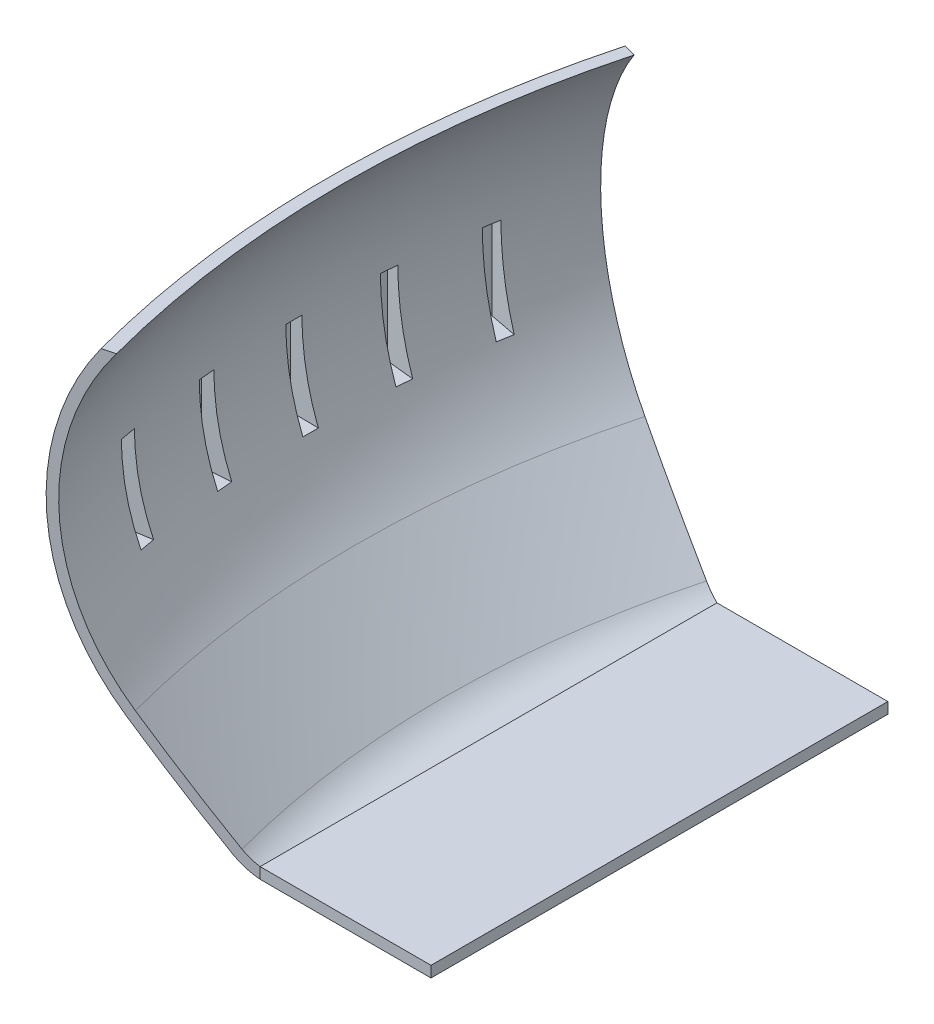
from build123d import *

# Parameters (mm, degrees)
REVOLVE1_ANGLE                  = 15
REVOLVE1_OTHER_WAY_ANGLE        = 15
REVOLVE2_START                  = 16.222144695
REVOLVE2_DEPTH                  = 16.090427574
CIRPATTERN1_COUNT               = 3
CIRPATTERN1_ANGLE               = 10
CIRPATTERN1_THE_OTHER_WAY_COUNT = 3
CIRPATTERN1_THE_OTHER_WAY_ANGLE = 10
SHELL3_START                    = 8.985762726
SHELL3_2_DEPTH                  = 42.380509533
SHELL3_START_2                  = 17.722144695
SHELL3_3_DEPTH                  = 13.090427574
CUT_EXTRUDE1_DEPTH              = 10
CUT_EXTRUDE1_DEPTH_BACK         = 10
SKETCH16_W                      = 66.82921031
SKETCH16_H                      = 1.611267236
BOSS_EXTRUDE1_DEPTH             = 25


with BuildPart() as part:
    # Sketch1 → Revolve1 (revolve)
    with BuildSketch(Plane.XY):
        with BuildLine():
            Line((-111.783895357, 7.485762726), (-118.250728673, -4.885300025))
            ThreePointArc((-118.250728673, -4.885300025), (-124.705004152, -9.547595462), (-132.307869355, -7.183042355))
            ThreePointArc((-132.307869355, -7.183042355), (-138.813052314, -0.732302942), (-145.106903203, 5.924789912))
            ThreePointArc((-145.106903203, 5.924789912), (-154.580954265, 28.121202409), (-148.092110072, 51.366272259))
            Line((-148.092110072, 51.366272259), (-106.671839554, 51.366272259))
            Line((-106.671839554, 51.366272259), (-106.671839554, 7.485762726))
            Line((-106.671839554, 7.485762726), (-111.783895357, 7.485762726))
        make_face()
    revolve(axis=Axis((0, 75.962527062, 0), (0, -1, 0)), revolution_arc=REVOLVE1_ANGLE)

    # Sketch1 → Revolve1 other way (revolve)
    with BuildSketch(Plane.XY):
        with BuildLine():
            Line((-111.783895357, 7.485762726), (-118.250728673, -4.885300025))
            ThreePointArc((-118.250728673, -4.885300025), (-124.705004152, -9.547595462), (-132.307869355, -7.183042355))
            ThreePointArc((-132.307869355, -7.183042355), (-138.813052314, -0.732302942), (-145.106903203, 5.924789912))
            ThreePointArc((-145.106903203, 5.924789912), (-154.580954265, 28.121202409), (-148.092110072, 51.366272259))
            Line((-148.092110072, 51.366272259), (-106.671839554, 51.366272259))
            Line((-106.671839554, 51.366272259), (-106.671839554, 7.485762726))
            Line((-106.671839554, 7.485762726), (-111.783895357, 7.485762726))
        make_face()
    revolve(axis=Axis((0, 75.962527062, 0), (0, 1, 0)), revolution_arc=REVOLVE1_OTHER_WAY_ANGLE)

    # Revolve2: read off the stored shape, not the designer's step
    # Revolve2 outline → Revolve2 (add)
    with BuildSketch(Plane(origin=(0, 0, 0), x_dir=(1, 0, 0), z_dir=(0, 1, 0)).offset(REVOLVE2_START)):
        with BuildLine():
            ThreePointArc((-156.32174005, 2.728606122), (-156.345552235, 0), (-156.32174005, -2.728606122))
            Line((-156.32174005, -2.728606122), (-151.716418742, -2.64821994))
            Line((-151.716418742, -2.64821994), (-150, -2.61825974))
            Line((-150, -2.61825974), (-150, 2.61825974))
            Line((-150, 2.61825974), (-151.716418742, 2.64821994))
            Line((-151.716418742, 2.64821994), (-156.32174005, 2.728606122))
        make_face()
    revolve2 = extrude(amount=REVOLVE2_DEPTH)

    # CirPattern1: Revolve2 ×3 about axis
    cirpattern1_axis = Axis((0, 0, 0), (0, 1, 0))
    for i in range(1, CIRPATTERN1_COUNT):
        add(revolve2.rotate(cirpattern1_axis, i * CIRPATTERN1_ANGLE / (CIRPATTERN1_COUNT - 1)))

    # CirPattern1 the other way: Revolve2 ×3 about axis
    cirpattern1_the_other_way_axis = Axis((0, 0, 0), (0, -1, 0))
    for i in range(1, CIRPATTERN1_THE_OTHER_WAY_COUNT):
        add(revolve2.rotate(cirpattern1_the_other_way_axis, i * CIRPATTERN1_THE_OTHER_WAY_ANGLE / (CIRPATTERN1_THE_OTHER_WAY_COUNT - 1)))

    # Shell3: read off the stored shape, not the designer's step
    # Shell3 outline → Shell3 (revolve, cut)
    with BuildSketch(Plane.XY):
        with BuildLine():
            ThreePointArc((131.268982929, -6.101046516), (137.739825777, 0.315640187), (144.000452154, 6.937591016))
            ThreePointArc((144.000452154, 6.937591016), (153.114903986, 28.748570347), (146.242378119, 51.366272259))
            Line((146.242378119, 51.366272259), (112.692366824, 51.366272259))
            Line((112.692366824, 51.366272259), (112.692366824, 8.985762726))
            Line((112.692366824, 8.985762726), (119.5800606, -4.190406776))
            ThreePointArc((119.5800606, -4.190406776), (124.946978842, -8.067241366), (131.268982929, -6.101046516))
        make_face()
    revolve(axis=Axis((0, 0, 0), (0, 1, 0)), mode=Mode.SUBTRACT)

    # Shell3 2 outline → Shell3 2 (cut)
    with BuildSketch(Plane(origin=(0, 0, 0), x_dir=(1, 0, 0), z_dir=(0, 1, 0)).offset(SHELL3_START)):
        with BuildLine():
            Line((-103.037084763, 27.608703653), (-108.852467541, 29.166930772))
            ThreePointArc((-108.852467541, 29.166930772), (-112.692366824, 0), (-108.852467541, -29.166930772))
            Line((-108.852467541, -29.166930772), (-103.037084763, -27.608703653))
            ThreePointArc((-103.037084763, -27.608703653), (-106.671839554, 0), (-103.037084763, 27.608703653))
        make_face()
    extrude(amount=SHELL3_2_DEPTH, mode=Mode.SUBTRACT)

    # Shell3 3 outline → Shell3 3 (cut)
    with BuildSketch(Plane(origin=(0, 0, 0), x_dir=(1, 0, 0), z_dir=(0, 1, 0)).offset(SHELL3_START_2)):
        with BuildLine():
            ThreePointArc((-154.840882749, 1.20252917), (-154.845552235, 0), (-154.840882749, -1.20252917))
            Line((-154.840882749, -1.20252917), (-150.729272176, -1.13076074))
            Line((-150.729272176, -1.13076074), (-112.691399989, -0.466807206))
            ThreePointArc((-112.691399989, -0.466807206), (-112.692366824, 0), (-112.691399989, 0.466807206))
            Line((-112.691399989, 0.466807206), (-150.729272176, 1.13076074))
            Line((-150.729272176, 1.13076074), (-154.840882749, 1.20252917))
        make_face()
        with BuildLine():
            ThreePointArc((-112.22189026, -10.286733541), (-112.263538345, -9.821786937), (-112.303260118, -9.356671802))
            Line((-112.303260118, -9.356671802), (-150.254254081, -12.010463816))
            Line((-150.254254081, -12.010463816), (-154.356473766, -12.29731896))
            ThreePointArc((-154.356473766, -12.29731896), (-154.25631816, -13.495679116), (-154.14685912, -14.693225327))
            Line((-154.14685912, -14.693225327), (-150.057149497, -14.263379525))
            Line((-150.057149497, -14.263379525), (-112.22189026, -10.286733541))
        make_face()
        with BuildLine():
            Line((-150.254254081, 12.010463816), (-112.303260118, 9.356671802))
            ThreePointArc((-112.303260118, 9.356671802), (-112.263538345, 9.821786937), (-112.22189026, 10.286733541))
            Line((-112.22189026, 10.286733541), (-150.057149497, 14.263379525))
            Line((-150.057149497, 14.263379525), (-154.14685912, 14.693225327))
            ThreePointArc((-154.14685912, 14.693225327), (-154.25631816, 13.495679116), (-154.356473766, 12.29731896))
            Line((-154.356473766, 12.29731896), (-150.254254081, 12.010463816))
        make_face()
        with BuildLine():
            ThreePointArc((-110.898304185, -20.028371609), (-110.980316554, -19.568824134), (-111.060424629, -19.108940881))
            Line((-111.060424629, -19.108940881), (-148.635710387, -25.06028149))
            Line((-148.635710387, -25.06028149), (-152.697318814, -25.703577068))
            ThreePointArc((-152.697318814, -25.703577068), (-152.493100361, -26.888647965), (-152.279684816, -28.072097167))
            Line((-152.279684816, -28.072097167), (-110.898304185, -20.028371609))
        make_face()
        with BuildLine():
            Line((-148.635710387, 25.06028149), (-111.060424629, 19.108940881))
            ThreePointArc((-111.060424629, 19.108940881), (-110.980316554, 19.568824134), (-110.898304185, 20.028371609))
            Line((-110.898304185, 20.028371609), (-152.279684816, 28.072097167))
            ThreePointArc((-152.279684816, 28.072097167), (-152.493100361, 26.888647965), (-152.697318814, 25.703577068))
            Line((-152.697318814, 25.703577068), (-148.635710387, 25.06028149))
        make_face()
    extrude(amount=SHELL3_3_DEPTH, mode=Mode.SUBTRACT)

    # Sketch14 → Cut-Extrude1 (cut, two sides: drawn at the far end of the back side and taken through both)
    with BuildSketch(Plane(origin=(0, 0, 0), x_dir=(1, 0, 0), z_dir=(0, 1, 0)).offset(-CUT_EXTRUDE1_DEPTH_BACK)):
        Polygon((-124.705004152, 0), (-124.705004152, 38.354721234), (-90.909809482, 38.354721234), (-90.909809482, -40.595667637), (-124.705004152, -40.595667637), align=None)
    extrude(amount=CUT_EXTRUDE1_DEPTH + CUT_EXTRUDE1_DEPTH_BACK, mode=Mode.SUBTRACT)

    # Sketch16 → Boss-Extrude1 (add)
    with BuildSketch(Plane(origin=(-124.705004152, 0, 0), x_dir=(0, 0, -1), z_dir=(1, 0, 0))):
        with Locations((0, -8.351154511)):
            Rectangle(SKETCH16_W, SKETCH16_H)
    extrude(amount=BOSS_EXTRUDE1_DEPTH)


solid = part.part

▶ **The problem**
Taking the entries as a whole, work out how many lines contain the string "about". Respond with only the number.

▶ **Your response**
2